- _What is being asked_:
Please copy each line below that contains the word "schematic".

- _Data supplied_:
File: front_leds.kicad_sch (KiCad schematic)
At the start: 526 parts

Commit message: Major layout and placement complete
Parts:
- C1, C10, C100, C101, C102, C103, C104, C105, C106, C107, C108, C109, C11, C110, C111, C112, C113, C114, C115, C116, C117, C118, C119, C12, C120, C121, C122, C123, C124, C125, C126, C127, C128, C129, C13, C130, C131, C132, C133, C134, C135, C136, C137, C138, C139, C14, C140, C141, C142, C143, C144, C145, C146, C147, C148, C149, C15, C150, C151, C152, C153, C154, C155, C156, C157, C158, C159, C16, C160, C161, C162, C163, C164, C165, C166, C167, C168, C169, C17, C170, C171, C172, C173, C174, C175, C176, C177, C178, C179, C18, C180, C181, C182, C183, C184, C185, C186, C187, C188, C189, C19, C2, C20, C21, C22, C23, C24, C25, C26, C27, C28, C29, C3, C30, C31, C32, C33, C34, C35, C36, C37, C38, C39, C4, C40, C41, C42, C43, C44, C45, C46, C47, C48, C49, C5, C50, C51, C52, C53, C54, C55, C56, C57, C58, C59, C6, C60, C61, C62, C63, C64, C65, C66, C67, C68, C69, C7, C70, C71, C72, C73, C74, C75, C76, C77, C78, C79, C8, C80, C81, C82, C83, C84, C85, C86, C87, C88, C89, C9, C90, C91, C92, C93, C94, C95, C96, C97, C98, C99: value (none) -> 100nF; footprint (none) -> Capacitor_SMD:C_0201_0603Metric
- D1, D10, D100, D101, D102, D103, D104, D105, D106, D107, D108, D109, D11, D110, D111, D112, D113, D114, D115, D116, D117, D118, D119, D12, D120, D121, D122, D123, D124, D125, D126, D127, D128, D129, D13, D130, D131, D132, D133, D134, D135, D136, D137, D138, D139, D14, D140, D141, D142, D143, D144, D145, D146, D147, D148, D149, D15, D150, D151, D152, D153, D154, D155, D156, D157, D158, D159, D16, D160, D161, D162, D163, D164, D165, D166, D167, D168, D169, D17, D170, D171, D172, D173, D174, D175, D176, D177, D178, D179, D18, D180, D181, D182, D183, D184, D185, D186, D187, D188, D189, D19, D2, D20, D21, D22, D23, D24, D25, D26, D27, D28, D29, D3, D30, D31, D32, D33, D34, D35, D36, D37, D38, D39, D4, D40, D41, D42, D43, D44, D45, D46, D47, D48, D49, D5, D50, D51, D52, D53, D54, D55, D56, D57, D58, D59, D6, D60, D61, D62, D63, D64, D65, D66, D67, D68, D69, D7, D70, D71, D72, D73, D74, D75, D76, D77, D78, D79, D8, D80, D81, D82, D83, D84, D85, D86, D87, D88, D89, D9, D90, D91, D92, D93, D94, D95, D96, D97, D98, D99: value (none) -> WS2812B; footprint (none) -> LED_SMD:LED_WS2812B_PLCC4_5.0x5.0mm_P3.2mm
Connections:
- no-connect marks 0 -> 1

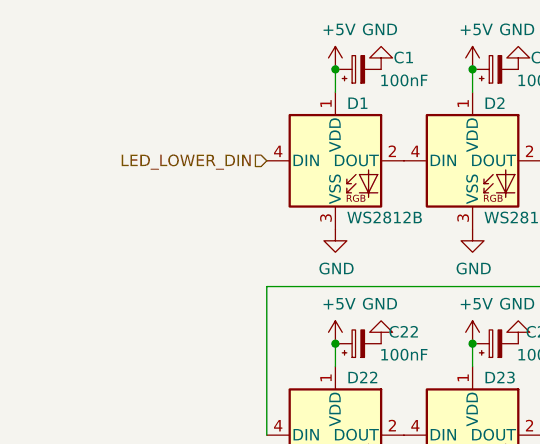
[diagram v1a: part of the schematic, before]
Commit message: DRC fixes, cap footprint update, etc.
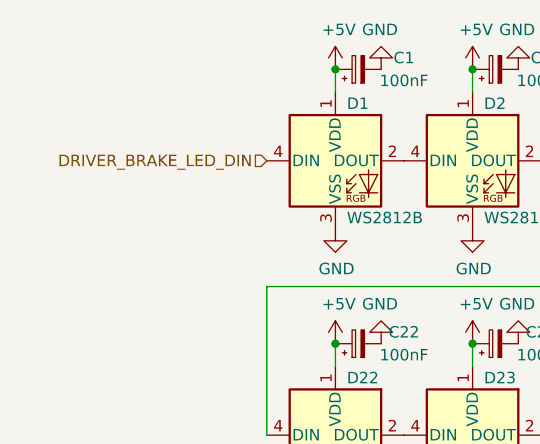
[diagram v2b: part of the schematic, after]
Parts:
- C1, C10, C100, C101, C102, C103, C104, C105, C106, C107, C108, C109, C11, C110, C111, C112, C113, C114, C115, C116, C117, C118, C119, C12, C120, C121, C122, C123, C124, C125, C126, C127, C128, C129, C13, C130, C131, C132, C133, C134, C135, C136, C137, C138, C139, C14, C140, C141, C142, C143, C144, C145, C146, C147, C148, C149, C15, C150, C151, C152, C153, C154, C155, C156, C157, C158, C159, C16, C160, C161, C162, C163, C164, C165, C166, C167, C168, C169, C17, C170, C171, C172, C173, C174, C175, C176, C177, C178, C179, C18, C180, C181, C182, C183, C184, C185, C186, C187, C188, C189, C19, C190, C191, C192, C193, C194, C195, C196, C197, C198, C199, C2, C20, C200, C201, C202, C203, C204, C205, C206, C207, C208, C209, C21, C210, C211, C212, C213, C214, C215, C216, C217, C218, C219, C22, C220, C221, C222, C223, C224, C225, C226, C227, C228, C229, C23, C230, C231, C232, C233, C234, C235, C236, C237, C238, C239, C24, C240, C241, C242, C243, C244, C245, C246, C247, C248, C249, C25, C250, C251, C252, C253, C254, C255, C256, C257, C258, C259, C26, C260, C261, C262, C263, C27, C28, C29, C3, C30, C31, C32, C33, C34, C35, C36, C37, C38, C39, C4, C40, C41, C42, C43, C44, C45, C46, C47, C48, C49, C5, C50, C51, C52, C53, C54, C55, C56, C57, C58, C59, C6, C60, C61, C62, C63, C64, C65, C66, C67, C68, C69, C7, C70, C71, C72, C73, C74, C75, C76, C77, C78, C79, C8, C80, C81, C82, C83, C84, C85, C86, C87, C88, C89, C9, C90, C91, C92, C93, C94, C95, C96, C97, C98, C99: footprint Capacitor_SMD:C_0201_0603Metric -> Capacitor_SMD:C_0402_1005Metric; LCSC (none) -> C60474
- D1, D10, D100, D101, D102, D103, D104, D105, D106, D107, D108, D109, D11, D110, D111, D112, D113, D114, D115, D116, D117, D118, D119, D12, D120, D121, D122, D123, D124, D125, D126, D127, D128, D129, D13, D130, D131, D132, D133, D134, D135, D136, D137, D138, D139, D14, D140, D141, D142, D143, D144, D145, D146, D147, D148, D149, D15, D150, D151, D152, D153, D154, D155, D156, D157, D158, D159, D16, D160, D161, D162, D163, D164, D165, D166, D167, D168, D169, D17, D170, D171, D172, D173, D174, D175, D176, D177, D178, D179, D18, D180, D181, D182, D183, D184, D185, D186, D187, D188, D189, D19, D190, D191, D192, D193, D194, D195, D196, D197, D198, D199, D2, D20, D200, D201, D202, D203, D204, D205, D206, D207, D208, D209, D21, D210, D211, D212, D213, D214, D215, D216, D217, D218, D219, D22, D220, D221, D222, D223, D224, D225, D226, D227, D228, D229, D23, D230, D231, D232, D233, D234, D235, D236, D237, D238, D239, D24, D240, D241, D242, D243, D244, D245, D246, D247, D248, D249, D25, D250, D251, D252, D253, D254, D255, D256, D257, D258, D259, D26, D260, D261, D262, D263, D27, D28, D29, D3, D30, D31, D32, D33, D34, D35, D36, D37, D38, D39, D4, D40, D41, D42, D43, D44, D45, D46, D47, D48, D49, D5, D50, D51, D52, D53, D54, D55, D56, D57, D58, D59, D6, D60, D61, D62, D63, D64, D65, D66, D67, D68, D69, D7, D70, D71, D72, D73, D74, D75, D76, D77, D78, D79, D8, D80, D81, D82, D83, D84, D85, D86, D87, D88, D89, D9, D90, D91, D92, D93, D94, D95, D96, D97, D98, D99: LCSC (none) -> C114586
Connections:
- net LED_LOWER_DIN renamed DRIVER_BRAKE_LED_DIN

- _Solution to the exercise_:
File: front_leds.kicad_sch (KiCad schematic)
[diagram v1a: part of the schematic, before]
[diagram v2b: part of the schematic, after]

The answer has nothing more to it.